In September 2016, the House Oversight & Government Reform Committee held a hearing at which then-Under Secretary of State Patrick Kennedy testified that the State Department had undertaken minimal efforts to retrieve Powell’s work-related email.  In October 2016, Cause of Action Institute sought access to Secretary Powell’s work-related emails under the Freedom of Information Act (“FOIA”).  At the same time, we advised the Secretary of State and the Archivist of the United States of their obligations under the Federal Records Act (“FRA”) to recover those same email records.  Once it became apparent that the State Department would not respond to our FOIA request, and the obligation to initiate action through the Attorney General for the recovery of Secretary Powell’s work-related email would not be met, we filed suit in federal district court.  In January 2018, when the court denied the government’s first motion to dismiss, it described the State Department’s efforts at recovery as “anemic.”  As we’ve noted, U.S. District Court Judge Trevor McFadden explained that “[t]he Defendants’ refusal to turn to the law enforcement authority of the Attorney General is particularly striking in the context of a statute with explicitly mandatory language.”  “[T]here is a substantial likelihood that [CoA Institute’s] requested relief would yield access to at least some of the emails at issue.”

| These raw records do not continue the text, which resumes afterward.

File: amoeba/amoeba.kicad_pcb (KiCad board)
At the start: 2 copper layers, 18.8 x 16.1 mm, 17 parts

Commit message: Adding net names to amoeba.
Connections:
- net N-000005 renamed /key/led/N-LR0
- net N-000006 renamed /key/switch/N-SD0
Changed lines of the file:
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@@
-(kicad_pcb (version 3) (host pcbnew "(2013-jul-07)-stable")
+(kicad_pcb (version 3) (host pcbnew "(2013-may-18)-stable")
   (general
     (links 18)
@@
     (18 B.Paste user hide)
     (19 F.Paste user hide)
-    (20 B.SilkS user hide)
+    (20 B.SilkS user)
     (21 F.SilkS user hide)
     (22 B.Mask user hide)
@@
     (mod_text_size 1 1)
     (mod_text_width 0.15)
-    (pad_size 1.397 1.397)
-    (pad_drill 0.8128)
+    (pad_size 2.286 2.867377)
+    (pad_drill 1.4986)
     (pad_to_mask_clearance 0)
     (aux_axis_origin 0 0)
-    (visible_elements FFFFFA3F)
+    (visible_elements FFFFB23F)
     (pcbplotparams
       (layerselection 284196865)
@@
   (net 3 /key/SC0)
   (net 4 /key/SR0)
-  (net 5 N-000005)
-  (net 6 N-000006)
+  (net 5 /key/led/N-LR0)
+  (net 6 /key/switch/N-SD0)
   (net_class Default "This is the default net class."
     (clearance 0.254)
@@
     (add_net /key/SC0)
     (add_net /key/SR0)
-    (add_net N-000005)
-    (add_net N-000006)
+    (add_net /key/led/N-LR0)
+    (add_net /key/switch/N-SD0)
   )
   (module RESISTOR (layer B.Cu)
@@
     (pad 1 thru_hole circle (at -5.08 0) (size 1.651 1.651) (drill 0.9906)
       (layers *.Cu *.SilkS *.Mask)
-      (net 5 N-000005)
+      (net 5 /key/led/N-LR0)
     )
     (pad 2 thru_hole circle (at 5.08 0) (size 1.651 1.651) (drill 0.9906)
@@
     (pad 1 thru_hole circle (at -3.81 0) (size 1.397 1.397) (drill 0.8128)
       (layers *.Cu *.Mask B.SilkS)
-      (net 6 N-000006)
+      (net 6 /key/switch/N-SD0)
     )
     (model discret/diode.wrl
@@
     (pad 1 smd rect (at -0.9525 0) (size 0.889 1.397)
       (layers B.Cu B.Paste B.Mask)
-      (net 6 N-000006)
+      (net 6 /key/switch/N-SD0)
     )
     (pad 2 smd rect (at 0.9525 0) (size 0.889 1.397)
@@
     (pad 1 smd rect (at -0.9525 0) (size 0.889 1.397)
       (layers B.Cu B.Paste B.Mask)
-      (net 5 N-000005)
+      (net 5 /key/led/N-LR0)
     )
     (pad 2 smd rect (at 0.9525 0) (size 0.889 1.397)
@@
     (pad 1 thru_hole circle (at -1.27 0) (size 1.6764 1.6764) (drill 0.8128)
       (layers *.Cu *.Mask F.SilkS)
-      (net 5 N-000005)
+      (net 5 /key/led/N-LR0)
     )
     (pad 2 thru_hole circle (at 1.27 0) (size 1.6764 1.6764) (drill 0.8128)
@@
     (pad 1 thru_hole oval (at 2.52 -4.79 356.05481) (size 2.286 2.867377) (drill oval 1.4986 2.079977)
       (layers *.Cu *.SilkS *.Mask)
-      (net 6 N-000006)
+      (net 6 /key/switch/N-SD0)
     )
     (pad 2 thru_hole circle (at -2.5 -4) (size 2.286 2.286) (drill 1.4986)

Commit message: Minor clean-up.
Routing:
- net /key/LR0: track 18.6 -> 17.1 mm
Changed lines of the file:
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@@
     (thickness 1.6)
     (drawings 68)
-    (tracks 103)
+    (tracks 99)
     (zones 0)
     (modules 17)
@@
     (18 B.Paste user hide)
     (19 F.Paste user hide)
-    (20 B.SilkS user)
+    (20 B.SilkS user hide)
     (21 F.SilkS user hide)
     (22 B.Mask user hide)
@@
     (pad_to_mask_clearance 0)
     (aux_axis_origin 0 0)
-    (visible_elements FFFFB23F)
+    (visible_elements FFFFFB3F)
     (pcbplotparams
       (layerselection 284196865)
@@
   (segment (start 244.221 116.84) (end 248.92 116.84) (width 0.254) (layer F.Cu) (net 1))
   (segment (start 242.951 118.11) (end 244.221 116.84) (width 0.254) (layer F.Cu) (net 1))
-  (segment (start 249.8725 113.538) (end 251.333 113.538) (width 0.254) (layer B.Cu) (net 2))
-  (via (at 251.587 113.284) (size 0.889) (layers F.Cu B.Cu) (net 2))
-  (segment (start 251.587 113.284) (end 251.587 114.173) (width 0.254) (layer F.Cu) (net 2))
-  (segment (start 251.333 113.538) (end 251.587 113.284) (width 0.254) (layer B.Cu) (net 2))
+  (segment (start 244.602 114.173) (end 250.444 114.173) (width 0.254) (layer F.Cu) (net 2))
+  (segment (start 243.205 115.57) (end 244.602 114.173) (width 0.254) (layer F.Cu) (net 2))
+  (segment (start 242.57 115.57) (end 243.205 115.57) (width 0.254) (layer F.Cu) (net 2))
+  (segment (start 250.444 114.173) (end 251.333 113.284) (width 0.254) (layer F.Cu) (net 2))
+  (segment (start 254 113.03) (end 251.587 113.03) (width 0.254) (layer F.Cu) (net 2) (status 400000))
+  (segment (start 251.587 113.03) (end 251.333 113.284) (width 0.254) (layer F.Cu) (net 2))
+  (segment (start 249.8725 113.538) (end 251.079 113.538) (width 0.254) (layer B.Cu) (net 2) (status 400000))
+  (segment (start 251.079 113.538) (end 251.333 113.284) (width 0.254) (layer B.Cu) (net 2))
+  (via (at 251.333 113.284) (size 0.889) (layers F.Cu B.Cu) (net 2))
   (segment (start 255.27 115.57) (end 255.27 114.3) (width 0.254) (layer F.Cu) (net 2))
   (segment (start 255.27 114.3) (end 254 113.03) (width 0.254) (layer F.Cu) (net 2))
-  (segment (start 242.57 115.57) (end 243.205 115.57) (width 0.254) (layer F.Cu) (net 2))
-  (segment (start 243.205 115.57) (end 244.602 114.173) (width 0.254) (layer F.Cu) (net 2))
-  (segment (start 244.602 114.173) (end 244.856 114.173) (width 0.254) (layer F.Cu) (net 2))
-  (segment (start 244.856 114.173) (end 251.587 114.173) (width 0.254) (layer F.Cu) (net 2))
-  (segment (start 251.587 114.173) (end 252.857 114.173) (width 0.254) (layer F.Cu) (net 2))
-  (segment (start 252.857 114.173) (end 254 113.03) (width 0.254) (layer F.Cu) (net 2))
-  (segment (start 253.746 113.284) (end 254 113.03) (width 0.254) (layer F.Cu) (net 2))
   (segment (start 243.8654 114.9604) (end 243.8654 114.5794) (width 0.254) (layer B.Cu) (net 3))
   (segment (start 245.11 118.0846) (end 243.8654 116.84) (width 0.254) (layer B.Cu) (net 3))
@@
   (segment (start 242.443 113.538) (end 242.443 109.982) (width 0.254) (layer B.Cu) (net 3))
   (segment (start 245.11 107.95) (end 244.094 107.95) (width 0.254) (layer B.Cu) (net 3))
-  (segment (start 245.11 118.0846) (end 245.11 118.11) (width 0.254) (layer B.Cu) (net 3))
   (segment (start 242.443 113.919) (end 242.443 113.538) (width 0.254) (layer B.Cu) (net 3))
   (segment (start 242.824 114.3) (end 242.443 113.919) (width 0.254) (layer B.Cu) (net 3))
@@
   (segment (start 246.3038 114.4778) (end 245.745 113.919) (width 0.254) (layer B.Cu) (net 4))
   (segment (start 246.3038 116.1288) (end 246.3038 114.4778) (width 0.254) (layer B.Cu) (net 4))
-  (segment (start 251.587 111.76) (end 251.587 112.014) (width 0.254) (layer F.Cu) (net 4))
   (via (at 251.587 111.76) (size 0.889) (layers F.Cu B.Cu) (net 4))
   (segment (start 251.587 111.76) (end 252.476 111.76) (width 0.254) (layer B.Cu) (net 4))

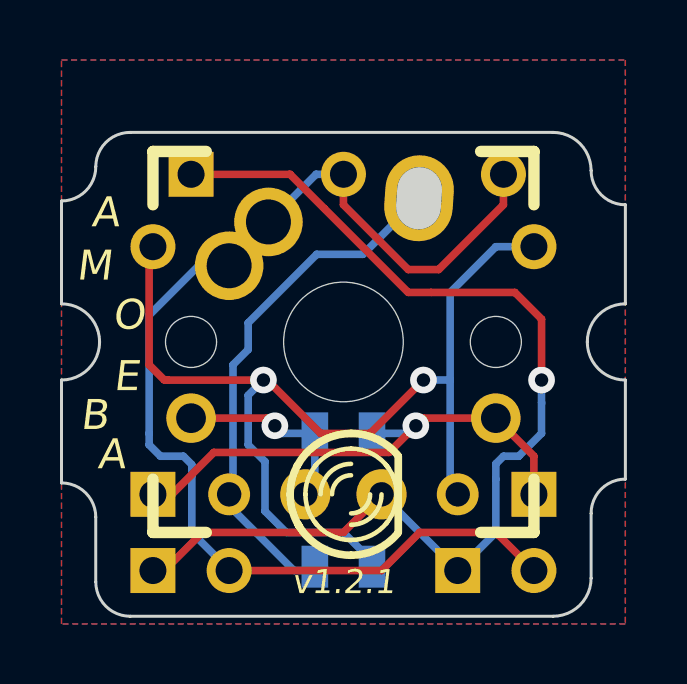
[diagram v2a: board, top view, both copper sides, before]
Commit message: Added DT logo to amoeba.
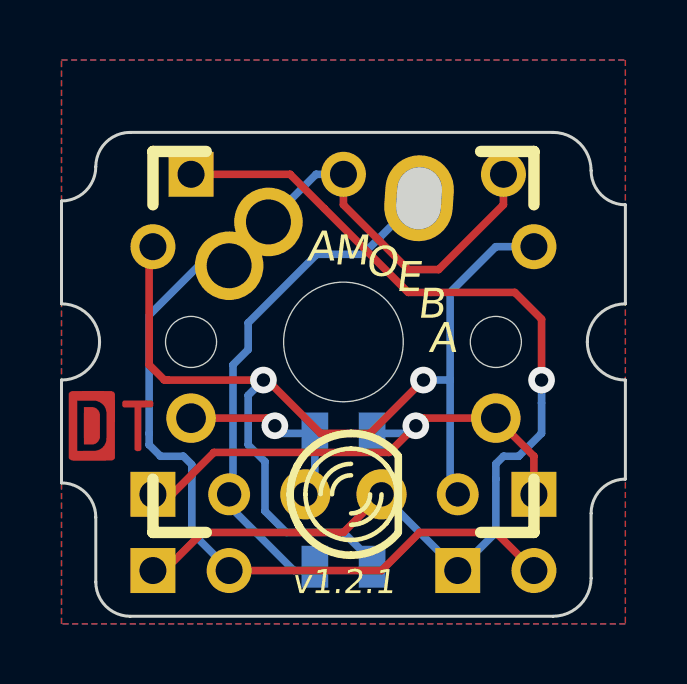
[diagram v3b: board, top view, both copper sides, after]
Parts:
- added G***: DT-Logo, DT-Logo, F.Cu at (241.2, 113.3)

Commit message: Improved DT logos on amoeba.
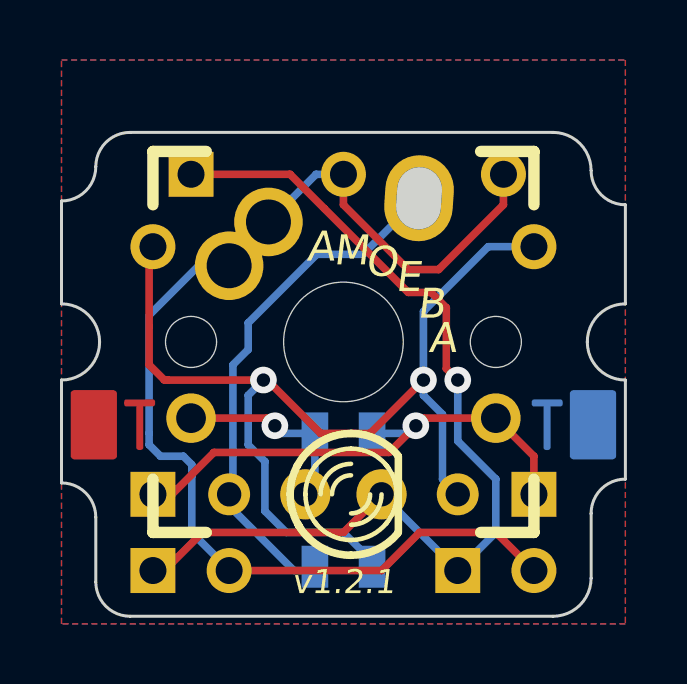
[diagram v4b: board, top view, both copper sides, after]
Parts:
- removed the G*** at (241.2, 113.3)
- added G***: DT-Logo-F.Cu, DT-Logo-F.Cu, F.Cu at (239.3, 111.6)
- added G***: DT-Logo-B.Cu, DT-Logo-B.Cu, F.Cu at (254.6, 111.6)
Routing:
- net /key/LC0: track 35.8 -> 32.6 mm

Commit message: Improvements to DT logo module.
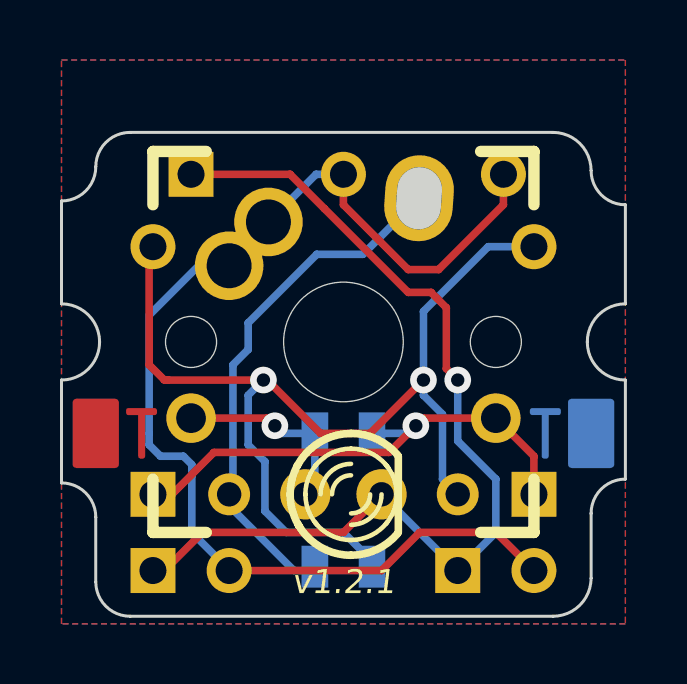
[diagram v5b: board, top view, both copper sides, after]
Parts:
- moved G*** 2.79 mm to (241.3, 113.5)
- moved G*** 2.69 mm to (256.5, 113.5)

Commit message: Added names to silkscreen and copper layers.
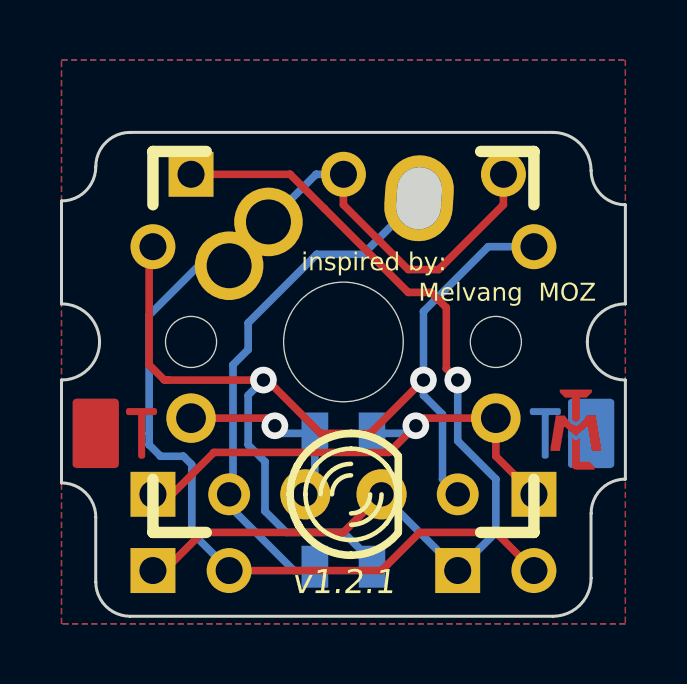
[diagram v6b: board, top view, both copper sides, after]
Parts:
- added mtl-f***: MTL-Sig-F.Cu, MTL-Sig-F.Cu, F.Cu at (256.7, 113.4)
- renumbered G*** to dt-b***, G*** to dt-f***
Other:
- board text added: "Melvang MOZ"
- board text added: "inspired by:"
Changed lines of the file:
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@@
     (links 18)
     (no_connects 1)
-    (area 230.7336 96.366 267.1064 120.218201)
+    (area 230.7336 96.366 267.2334 120.218201)
     (thickness 1.6)
-    (drawings 72)
+    (drawings 75)
     (tracks 97)
     (zones 0)
-    (modules 19)
+    (modules 20)
     (nets 7)
   )
@@
     (18 B.Paste user hide)
     (19 F.Paste user hide)
-    (20 B.SilkS user)
+    (20 B.SilkS user hide)
     (21 F.SilkS user)
     (22 B.Mask user hide)
@@
   (module DT-Logo-B.Cu (layer F.Cu)
     (at 256.54 113.538)
-    (fp_text reference G*** (at 0 3.81) (layer F.SilkS) hide
+    (fp_text reference dt-b*** (at 0 3.81) (layer F.SilkS) hide
       (effects (font (size 1.524 1.524) (thickness 0.3048)))
     )
@@
   (module DT-Logo-F.Cu (layer F.Cu)
     (at 241.3 113.538)
-    (fp_text reference G*** (at 0 3.81) (layer F.SilkS) hide
+    (fp_text reference dt-f*** (at 0 3.81) (layer F.SilkS) hide
       (effects (font (size 1.524 1.524) (thickness 0.3048)))
     )
@@
       (xy 1.33858 -0.84074) (xy 0.43942 -0.84074)) (layer F.Cu) (width 0.00254))
   )
+  (module MTL-Sig-F.Cu (layer F.Cu)
+    (at 256.667 113.411)
+    (fp_text reference mtl-f*** (at 0 3.81) (layer F.SilkS) hide
+      (effects (font (size 1.524 1.524) (thickness 0.3048)))
+    )
+    (fp_text value MTL-Sig-F.Cu (at 0 -3.81) (layer F.SilkS) hide
+      (effects (font (size 1.524 1.524) (thickness 0.3048)))
+    )
+    (fp_poly (pts (xy -1.2446 1.73228) (xy 1.2446 1.73228) (xy 1.2446 -1.73228) (xy -1.2446 -1.73228)
+      (xy -1.2446 1.73228)) (layer F.Mask) (width 0.00254))
+    (fp_poly (pts (xy -0.13208 0.2667) (xy -0.13208 1.19888) (xy -0.12954 1.22428) (xy -0.12192 1.24968)
+      (xy -0.10922 1.27254) (xy -0.09398 1.29286) (xy -0.07366 1.31064) (xy -0.0508 1.32334)
+      (xy -0.0254 1.33096) (xy 0 1.3335) (xy 0.6223 1.3335) (xy 0.6223 1.2446)
+      (xy 0.4445 1.0668) (xy 0.13208 1.0668) (xy 0.13208 0.2667) (xy 0.04318 0.3556)
+      (xy -0.04318 0.3556) (xy -0.13208 0.2667)) (layer F.Cu) (width 0.00254))
+    (fp_poly (pts (xy -0.5334 -1.33096) (xy -0.5334 -1.24206) (xy -0.3556 -1.06426) (xy -0.13208 -1.06426)
+      (xy -0.13208 -0.39878) (xy -0.12954 -0.37338) (xy -0.12192 -0.34798) (xy -0.10922 -0.32258)
+      (xy -0.09398 -0.30226) (xy -0.07366 -0.28702) (xy -0.0508 -0.27432) (xy -0.0254 -0.2667)
+      (xy 0 -0.26416) (xy 0.0254 -0.2667) (xy 0.0508 -0.27432) (xy 0.07366 -0.28702)
+      (xy 0.09398 -0.30226) (xy 0.10922 -0.32258) (xy 0.12192 -0.34798) (xy 0.12954 -0.37338)
+      (xy 0.13208 -0.39878) (xy 0.13208 -1.06426) (xy 0.3556 -1.06426) (xy 0.5334 -1.24206)
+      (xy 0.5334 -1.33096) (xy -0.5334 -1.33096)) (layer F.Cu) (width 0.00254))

After being repeatedly asked by the National Archives and Records Administration (“NARA”) to contact AOL directly for Powell’s emails, the State Department never did so until CoA Institute filed its lawsuit.  But the State Department continues to use the line that the emails have been “fatally lost” and that our lawsuit should therefore be dismissed.  The Defendants argue that, even if they cannot prove fatal loss or completely recover unlawfully removed records, their obligation to initiate action through the Attorney General (and thus marshal the law enforcement authority of the federal government) can be excused if they have no “reason to believe” records are recoverable.

We’re currently pushing back on that argument, as it rests on a fundamental misapprehension of the FRA.  We have asked the court to order the Secretary of State and the U.S. Archivist to initiate action through the Attorney General for the recovery of Powell’s email, as required by law.  This would entail enlisting the law enforcement authority of the federal government to investigate the possibility of forensically recovering the records at issue, among other things.  Such techniques have been successful in previous cases of unlawfully removed federal records, as evidenced by Hillary Clinton’s email scandal and the FBI’s recovery of Peter Strzok and Lisa Page’s text messages.

The problem with the Defendants’ position is that it ignores the clear text of the FRA and thirty years of precedent, which recognizes a non-discretionary obligation for an agency head to go to the Attorney General whenever its own recovery efforts have failed.  In this last line of their closing brief, the Defendants sum up their argument: “We recognize that the Court has previously rejected the contention that the FRA requires referral only when an agency has reason to believe that records can be recovered but respectfully reserve the right to seek further review should the Solicitor General determine that such review is warranted.”

This case illustrates how careless the federal government can be with the protection of government work – the use of a personal account and the subsequent years-long legal battle to recover Secretary Powell’s work-related emails are a failure of our government to follow both the FRA and the FOIA.  Secretary Powell should never have used a personal email account, and the State Department should have acted quicker to recover and preserve vital records of government business that were stored on a third-party commercial server.  If it is this difficult to recover materials that ultimately belong to the American people, the work of the government becomes more and more opaque and the gap between the American people’s knowledge and the federal government’s behavior only widens.

Mary Beth Gombita, Cause of Action Institute.